Jakarta (16/02)--- Dalam rangka sosialisasi Tax Amnesty dan Pelaporan Surat Pemberitahuan Tahunan (SPT), Sekretaris Kemenko PMK Y.B Satya Sananugraha pagi tadi membuka  sosialisasi Tax Amnesty di Ruang Rapat Lt.7, gedung Kemenko PMK, Jakarta. Hadir dalam sosialisasi ini seluruh Pejabat Eselon I, II, III, IV serta pegawai di lingkup Kemenko PMK.

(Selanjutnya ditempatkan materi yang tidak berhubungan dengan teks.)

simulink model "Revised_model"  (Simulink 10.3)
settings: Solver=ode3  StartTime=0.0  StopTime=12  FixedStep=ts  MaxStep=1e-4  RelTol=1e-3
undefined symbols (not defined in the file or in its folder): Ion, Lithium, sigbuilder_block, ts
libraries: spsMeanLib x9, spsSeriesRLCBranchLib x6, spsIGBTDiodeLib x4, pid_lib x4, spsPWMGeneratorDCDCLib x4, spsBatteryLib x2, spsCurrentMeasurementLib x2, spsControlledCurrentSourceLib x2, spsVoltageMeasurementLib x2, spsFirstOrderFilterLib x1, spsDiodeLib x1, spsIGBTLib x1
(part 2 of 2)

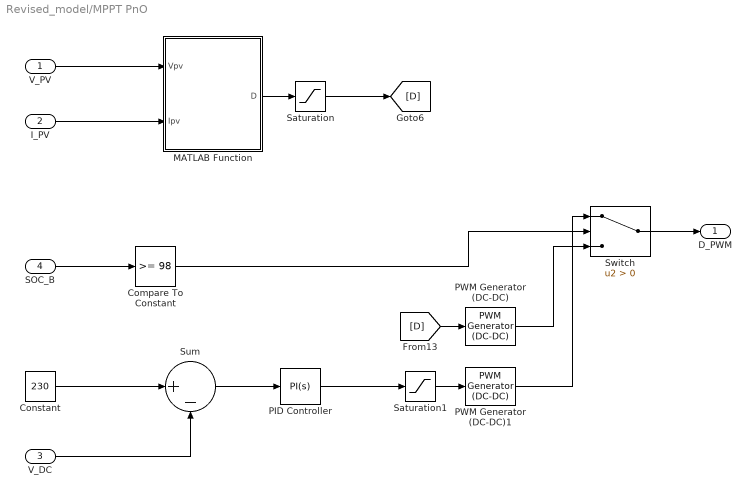
== system Revised_model/MPPT PnO ==
  V_PV : Inport
  I_PV : Inport  Port=2
  V_DC : Inport  Port=3
  SOC_B : Inport  Port=4
  Compare To Constant : simulink/Logic and Bit Operations/Compare To Constant  relop=>=  const=98  OutDataTypeStr=boolean
  Constant : Constant  Value=230
  MATLAB Function : MATLAB Function  TreatAsAtomicUnit=on
  PID Controller : pid_lib/PID Controller  Controller=PI  Form=Parallel  TimeDomain=Continuous-time  UseExternalTs=off  SampleTime=-1  IntegratorMethod=Forward Euler  FilterMethod=Forward Euler  ControllerParametersSource=internal  P=0.1  I=0.1  D=0  UseFilter=on  N=100  TunerSelectOption=Transfer Function Based (PID Tuner App)  InitialConditionSource=internal  InitialConditionForIntegrator=0  InitialConditionForFilter=0  DifferentiatorICPrevScaledInput=0  ExternalReset=none  TrackingMode=off  Kt=1  LimitOutput=off  SatLimitsSource=internal  UpperSaturationLimit=inf  LowerSaturationLimit=-inf  LinearizeAsGain=on  AntiWindupMode=none  Kb=1  POutMin=[]  POutMax=[]  IOutMin=[]  IOutMax=[]  DOutMin=[]  DOutMax=[]  NOutMin=[]  NOutMax=[]  SumOutMin=[]  SumOutMax=[]  SaturationOutMin=[]  SaturationOutMax=[]  PParamMin=[]  PParamMax=[]  IParamMin=[]  IParamMax=[]  DParamMin=[]  DParamMax=[]  NParamMin=[]  NParamMax=[]  KbParamMin=[]  KbParamMax=[]  KtParamMin=[]  KtParamMax=[]  KbOutMin=[]  KbOutMax=[]  KtOutMin=[]  KtOutMax=[]  IntegratorOutMin=[]  IntegratorOutMax=[]  FilterOutMin=[]  FilterOutMax=[]  SumI1OutMin=[]  SumI1OutMax=[]  SumI2OutMin=[]  SumI2OutMax=[]  SumI3OutMin=[]  SumI3OutMax=[]  SumI4OutMin=[]  SumI4OutMax=[]  SumDOutMin=[]  SumDOutMax=[]  DifferentiatorOutMin=[]  DifferentiatorOutMax=[]  FilterDiffOutCoefMin=[]  FilterDiffOutCoefMax=[]  ReciprocalOutMin=[]  ReciprocalOutMax=[]  SumDenOutMin=[]  SumDenOutMax=[]  SumNumOutMin=[]  SumNumOutMax=[]  DivideOutMin=[]  DivideOutMax=[]  UdiffTsProdOutMin=[]  UdiffTsProdOutMax=[]  NTsProdOutMin=[]  NTsProdOutMax=[]  UintegralTsProdOutMin=[]  UintegralTsProdOutMax=[]  UngainTsProdOutMin=[]  UngainTsProdOutMax=[]  IntegratorContinuousStateAttributes=''  IntegratorStateMustResolveToSignalObject=off  IntegratorRTWStateStorageClass=Auto  FilterContinuousStateAttributes=''  FilterStateMustResolveToSignalObject=off  FilterRTWStateStorageClass=Auto  ParallelPVariant=InternalParameters  IdealPVariant=Disabled  IVariant=InternalParameters  DVariant=Disabled  IntegratorVariant=Continuous  SatVariant=Disabled  AWVariant=Passthrough  PCopyVariant=Disabled  TRVariant=Disabled  FdbkBlocksVariant=Forward  IdealPFdbkVariant=Disabled  SatFdbkVariant=Disabled  DerivativeFilterVariant=Disabled  NVariant=Disabled  NCopyVariant=Disabled_SignalSpec  FilterICVariant=Disabled  IntegratorICVariant=InternalICs  ExternalResetVariant=Disabled  TRSumVariant=Passthrough  SumFdbkVariant=Disabled  SumVariant=Sum_PI  TsampFilterVariant=InternalTs  TsampNgainVariant=Passthrough  TsampIntegralVariant=Passthrough  ExternalSaturationOutDataTypeStr=Inherit: Same as second input
  PWM Generator (DC-DC) : spsPWMGeneratorDCDCLib/PWM Generator (DC-DC)  Fsw=5000  Ts=0
  PWM Generator (DC-DC)1 : spsPWMGeneratorDCDCLib/PWM Generator (DC-DC)  Fsw=5000  Ts=0
  Saturation : Saturate
  Saturation1 : Saturate
  Sum : Sum  Inputs=|+-
  Switch : Switch  Criteria=u2 > Threshold
  D_PWM : Outport
  wires:
  Saturation/1 -> [D]
  [D] -> PWM Generator (DC-DC)/1
  I_PV/1 -> MATLAB Function/2(Ipv)
  V_PV/1 -> MATLAB Function/1(Vpv)
  MATLAB Function/1(D) -> Saturation/1
  Sum/1 -> PID Controller/1
  V_DC/1 -> Sum/2
  Constant/1 -> Sum/1
  PID Controller/1 -> Saturation1/1
  Switch/1 -> D_PWM/1
  Saturation1/1 -> PWM Generator (DC-DC)1/1
  Compare To Constant/1 -> Switch/2
  SOC_B/1 -> Compare To Constant/1
  PWM Generator (DC-DC)/1 -> Switch/3
  PWM Generator (DC-DC)1/1 -> Switch/1

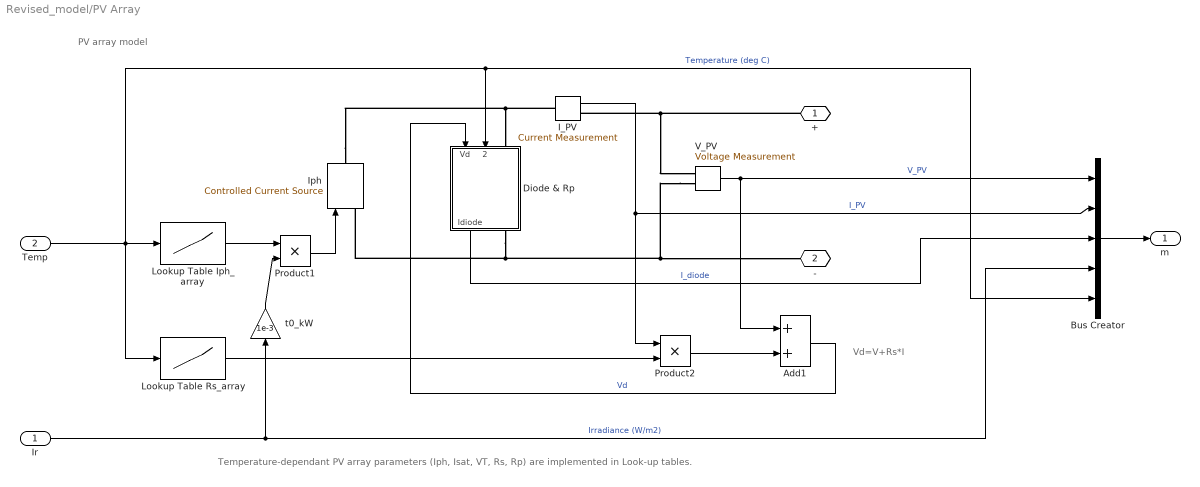
== system Revised_model/PV Array ==
  note: PV array model
  note: Vd=V+Rs*I
  note: Temperature-dependant PV array parameters (Iph, Isat, VT, Rs, Rp) are implemented in Look-up tables.
  Ir : Inport
  Temp : Inport  Port=2
  Add1 : Sum
  Bus Creator : BusCreator  Inputs=5
  Diode & Rp : Subsystem
      mask Display:
      | plot(-75,-50,100,150, [-15 -15 43 -15 -15 -75],[50 8 50 92 50 50], ...
      |     [43 43],[8 94],[100 43], [50 50])
  I_PV : spsCurrentMeasurementLib/Current Measurement  PhasorSimulation=off  OutputType=Complex  PSBequivalent=0
  Iph : spsControlledCurrentSourceLib/Controlled Current Source  Initialize=on  Source_Type=AC  Amplitude=0  Phase=0  Frequency=0  Measurements=None
  Lookup Table Iph_array : Lookup_n-D  NumberOfTableDimensions=1  BreakpointsForDimension1=TempC  Table=Iph_array  RndMeth=Simplest  InputSameDT=on
  Lookup Table Rs_array : Lookup_n-D  NumberOfTableDimensions=1  BreakpointsForDimension1=TempC  Table=Rs_array  RndMeth=Simplest  InputSameDT=on
  Product1 : Product  Inputs=**  RndMeth=Zero
  Product2 : Product  Inputs=**  RndMeth=Zero
  V_PV : spsVoltageMeasurementLib/Voltage Measurement  PhasorSimulation=off  OutputType=Complex  PSBequivalent=0
  t0_kW : Gain  Gain=1e-3
  + : PMIOPort  Side=Right
  - : PMIOPort  Port=2  Side=Right
  m : Outport
  wires:
  Bus Creator/1 -> m/1
  Lookup Table Rs_array/1 -> Product2/2
  Lookup Table Iph_array/1 -> Product1/1
  Temp/1 -> Lookup Table Iph_array/1, Diode & Rp/2(TempC), Bus Creator/5, Lookup Table Rs_array/1  "Temperature (deg C)"
  Product1/1 -> Iph/1
  Ir/1 -> Bus Creator/4, t0_kW/1  "Irradiance (W/m2)"
  I_PV/1 -> Bus Creator/2, Product2/1  "I_PV"
  t0_kW/1 -> Product1/2
  Diode & Rp/1(Idiode) -> Bus Creator/3  "I_diode"
  V_PV/1 -> Bus Creator/1, Add1/1  "V_PV"
  Product2/1 -> Add1/2
  Add1/1 -> Diode & Rp/1(Vd)  "Vd"
  connections:
  V_PV/LConn2 -- Diode & Rp/RConn1 -- Iph/LConn1 -- -/RConn1
  Iph/RConn1 -- I_PV/LConn1 -- Diode & Rp/LConn1
  +/RConn1 -- I_PV/RConn1 -- V_PV/LConn1

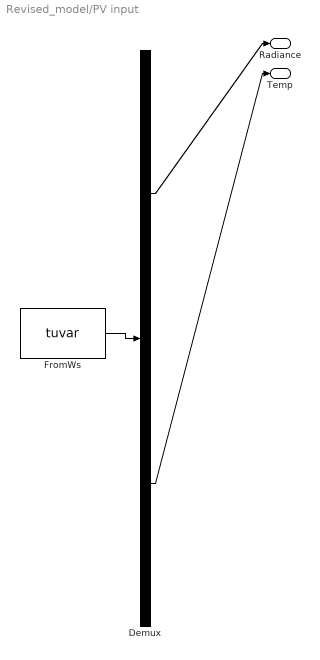
== system Revised_model/PV input ==
  Demux : Demux  Tag=STV Demux  Outputs=2
      settings: DisplayOption=none
  FromWs : FromWorkspace  Tag=STV FromWs  VariableName=tuvar  SigBuilderData=DataTag0  VnvData=DataTag1
      SigBuilderData=|
      | common.afterFinalStr = 'Extrapolate'
      | common.sampleTime = 0
      | dataSet.timeRange = [0 12]
      | dataSet.name = 'Imported_Group 1'
      | sbobj.Name = 'Signal Builder'
      | sbobj.Groups.Name = 'Imported_Group 1'
      | sbobj.Groups.Signals(1).Name = 'Radiance'
      | sbobj.Groups.Signals(1).XData = [0 1 1.001 2 2.001 3 3.001 4 4.001 5 5.001 6 6.001 7 7.001 8 8.001 9 9.001 10 10.001 11 11.001 12]
      | sbobj.Groups.Signals(1).YData = [178.5 178.5 384.69 384.69 594.38 594.38 785.89 785.89 934.7 934.7 1000 1000 1000 1000 998.89 1000 873.03 873.03 693.5 693.5 493.88 493.88 280.78 280.78]
      | sbobj.Groups.Signals(2).Name = 'Temp'
      | sbobj.Groups.Signals(2).XData = [0 1 1.001 2 2.001 3 3.001 4 4.001 5 5.001 6 6.001 7 7.001 8 8.001 9 9.001 10 10.001 11 11.001 12]
      | sbobj.Groups.Signals(2).YData = [9.27 9.27 10.18 10.18 13 13 14 14 16 16 17 17 19 19 20 20 21 21 21 21 21 21 21 21]
      | sbobj.Groups.TimeRange = [0 12]
  Radiance : Outport  Tag=STV Outport
  Temp : Outport  Tag=STV Outport  Port=2
  wires:
  FromWs/1 -> Demux/1
  Demux/1 -> Radiance/1
  Demux/2 -> Temp/1

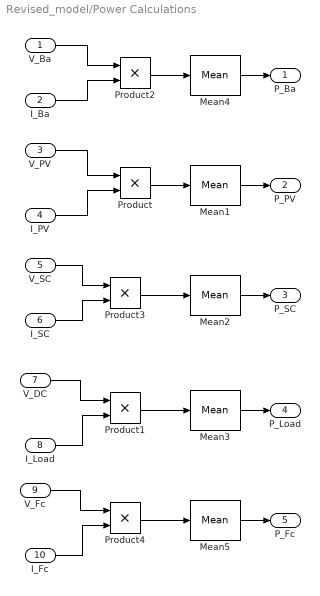
== system Revised_model/Power Calculations ==
  V_Ba : Inport
  I_Ba : Inport  Port=2
  V_PV : Inport  Port=3
  I_PV : Inport  Port=4
  V_SC : Inport  Port=5
  I_SC : Inport  Port=6
  V_DC : Inport  Port=7
  I_Load : Inport  Port=8
  V_Fc : Inport  Port=9
  I_Fc : Inport  Port=10
  Mean{1..5} (5 alike) : spsMeanLib/Mean  Freq=60  Vinit=0  Ts=0
  Product{,1..4} (5 alike) : Product
  P_Ba : Outport
  P_PV : Outport  Port=2
  P_SC : Outport  Port=3
  P_Load : Outport  Port=4
  P_Fc : Outport  Port=5
  wires:
  I_Ba/1 -> Product2/2
  V_Ba/1 -> Product2/1
  V_PV/1 -> Product/1
  I_PV/1 -> Product/2
  V_DC/1 -> Product1/1
  I_Load/1 -> Product1/2
  V_SC/1 -> Product3/1
  I_SC/1 -> Product3/2
  Mean4/1 -> P_Ba/1
  Product2/1 -> Mean4/1
  Mean1/1 -> P_PV/1
  Product/1 -> Mean1/1
  Mean2/1 -> P_SC/1
  Product3/1 -> Mean2/1
  Mean3/1 -> P_Load/1
  Product1/1 -> Mean3/1
  Product4/1 -> Mean5/1
  Mean5/1 -> P_Fc/1
  I_Fc/1 -> Product4/2
  V_Fc/1 -> Product4/1

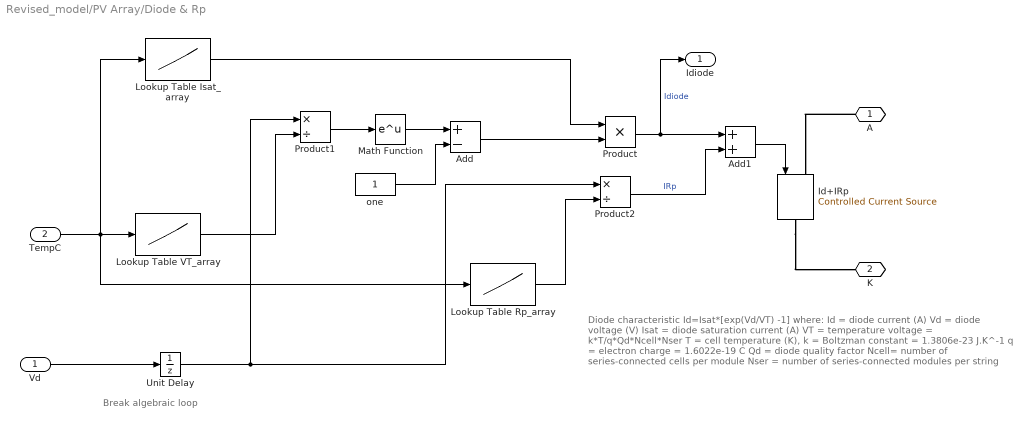
== system Revised_model/PV Array/Diode & Rp ==
  note: Diode characteristic
      |    Id=Isat*[exp(Vd/VT) -1]
      |
      | where:
      |    Id = diode current (A)
      |    Vd = diode voltage (V)
      |  Isat = diode saturation current (A)
      |    VT = temperature voltage = k*T/q*Qd*Ncell*Nser
      |     T = cell temperature (K),
      |     k = Boltzman constant = 1.3806e-23 J.K^-1
      |     q = electron charge = 1.6022e-19 C
      |    Qd = diode quality factor
      |  Ncell= number of series-connected cells per module
      |  Nser = number of series-connected modules per string
  note: Break algebraic loop
  Vd : Inport
  TempC : Inport  Port=2
  Add : Sum  Inputs=+-
  Add1 : Sum
  Id+IRp : spsControlledCurrentSourceLib/Controlled Current Source  Initialize=on  Source_Type=AC  Amplitude=0  Phase=0  Frequency=0  Measurements=None
  Lookup Table Isat_array : Lookup_n-D  NumberOfTableDimensions=1  BreakpointsForDimension1=TempC  Table=Isat_array  RndMeth=Simplest  InputSameDT=on
  Lookup Table Rp_array : Lookup_n-D  NumberOfTableDimensions=1  BreakpointsForDimension1=TempC  Table=Rp_array  RndMeth=Simplest  InputSameDT=on
  Lookup Table VT_array : Lookup_n-D  NumberOfTableDimensions=1  BreakpointsForDimension1=TempC  Table=VT_array  RndMeth=Simplest  InputSameDT=on
  Math Function : Math  SignedPower=on  SaturateOnIntegerOverflow=on
  Product : Product  RndMeth=Zero
  Product1 : Product  Inputs=*/  RndMeth=Zero
  Product2 : Product  Inputs=*/  RndMeth=Zero
  Unit Delay : UnitDelay  SampleTime=Ts  HasFrameUpgradeWarning=on
  one : Constant
  A : PMIOPort  Side=Left
  K : PMIOPort  Port=2  Side=Right
  Idiode : Outport
  wires:
  Lookup Table Rp_array/1 -> Product2/2
  Lookup Table Isat_array/1 -> Product/1
  TempC/1 -> Lookup Table Rp_array/1, Lookup Table VT_array/1, Lookup Table Isat_array/1
  Lookup Table VT_array/1 -> Product1/2
  Add/1 -> Product/2
  one/1 -> Add/2
  Product1/1 -> Math Function/1
  Product/1 -> Idiode/1, Add1/1  "Idiode"
  Vd/1 -> Unit Delay/1
  Product2/1 -> Add1/2  "IRp"
  Add1/1 -> Id+IRp/1
  Unit Delay/1 -> Product2/1, Product1/1
  Math Function/1 -> Add/1
  connections:
  A/RConn1 -- Id+IRp/LConn1
  Id+IRp/RConn1 -- K/RConn1

== matlab function MPPT PnO/MATLAB Function ==
  settings: updateMethod=DISCRETE  sampleTime=1e-4
  data: Vpv input double; D output double; Ipv input double
function D = PandO(Vpv,Ipv)

persistent Dold Pold Vold


if isempty(Dold)
    Dold = 0.35;
    Vold = 17;
    Pold = 120;
end


deltaD = 0.001;

Ppv = Vpv*Ipv;

if (Ppv-Pold) ~= 0
    if (Ppv-Pold) > 0
        if (Vpv-Vold) > 0
            D = Dold - deltaD;
        else
            D = Dold + deltaD;
        end
    else
        if (Vpv-Vold) > 0
            D = Dold + deltaD;
        else
            D = Dold - deltaD;
        end        
    end
else
    D = Dold;
end

Dold = D;
Vold = Vpv;
Pold = Ppv;

Djangkung Sudjarwadi, selaku Narasumber yang juga berasal dari Kantor Pengadilan Pajak, memberikan paparan bahwa sesuai arahan Menko PMK kepada Sesmenko PMK Y.B Satya Sananugraha menunjuk Kepala Biro Umum Kemenko PMK Indah Suwarni untuk memberikan sosialisasi Tax Amnesty kepada seluruh aparatur sipil negara (ASN) maupun pejabat eselon I,II,III, dan IV untuk melaporkan seluruh harta kekayaannya sebelum batas akhir penutupan Tax Amnesty tanggal 31 maret 2017. “Tax Amnesty itu merupakan orang pribadi atau badan yang bersifat memaksa berdasarkan Undang-Undang untuk berkontribusi kepada negara dengan membayar pajak, dengan tidak mendapatkan imbalan secara langsung dan digunakan untuk keperluan negara bagi sebesar-besarnya kemakmuran rakyat,” ujar Djangkung.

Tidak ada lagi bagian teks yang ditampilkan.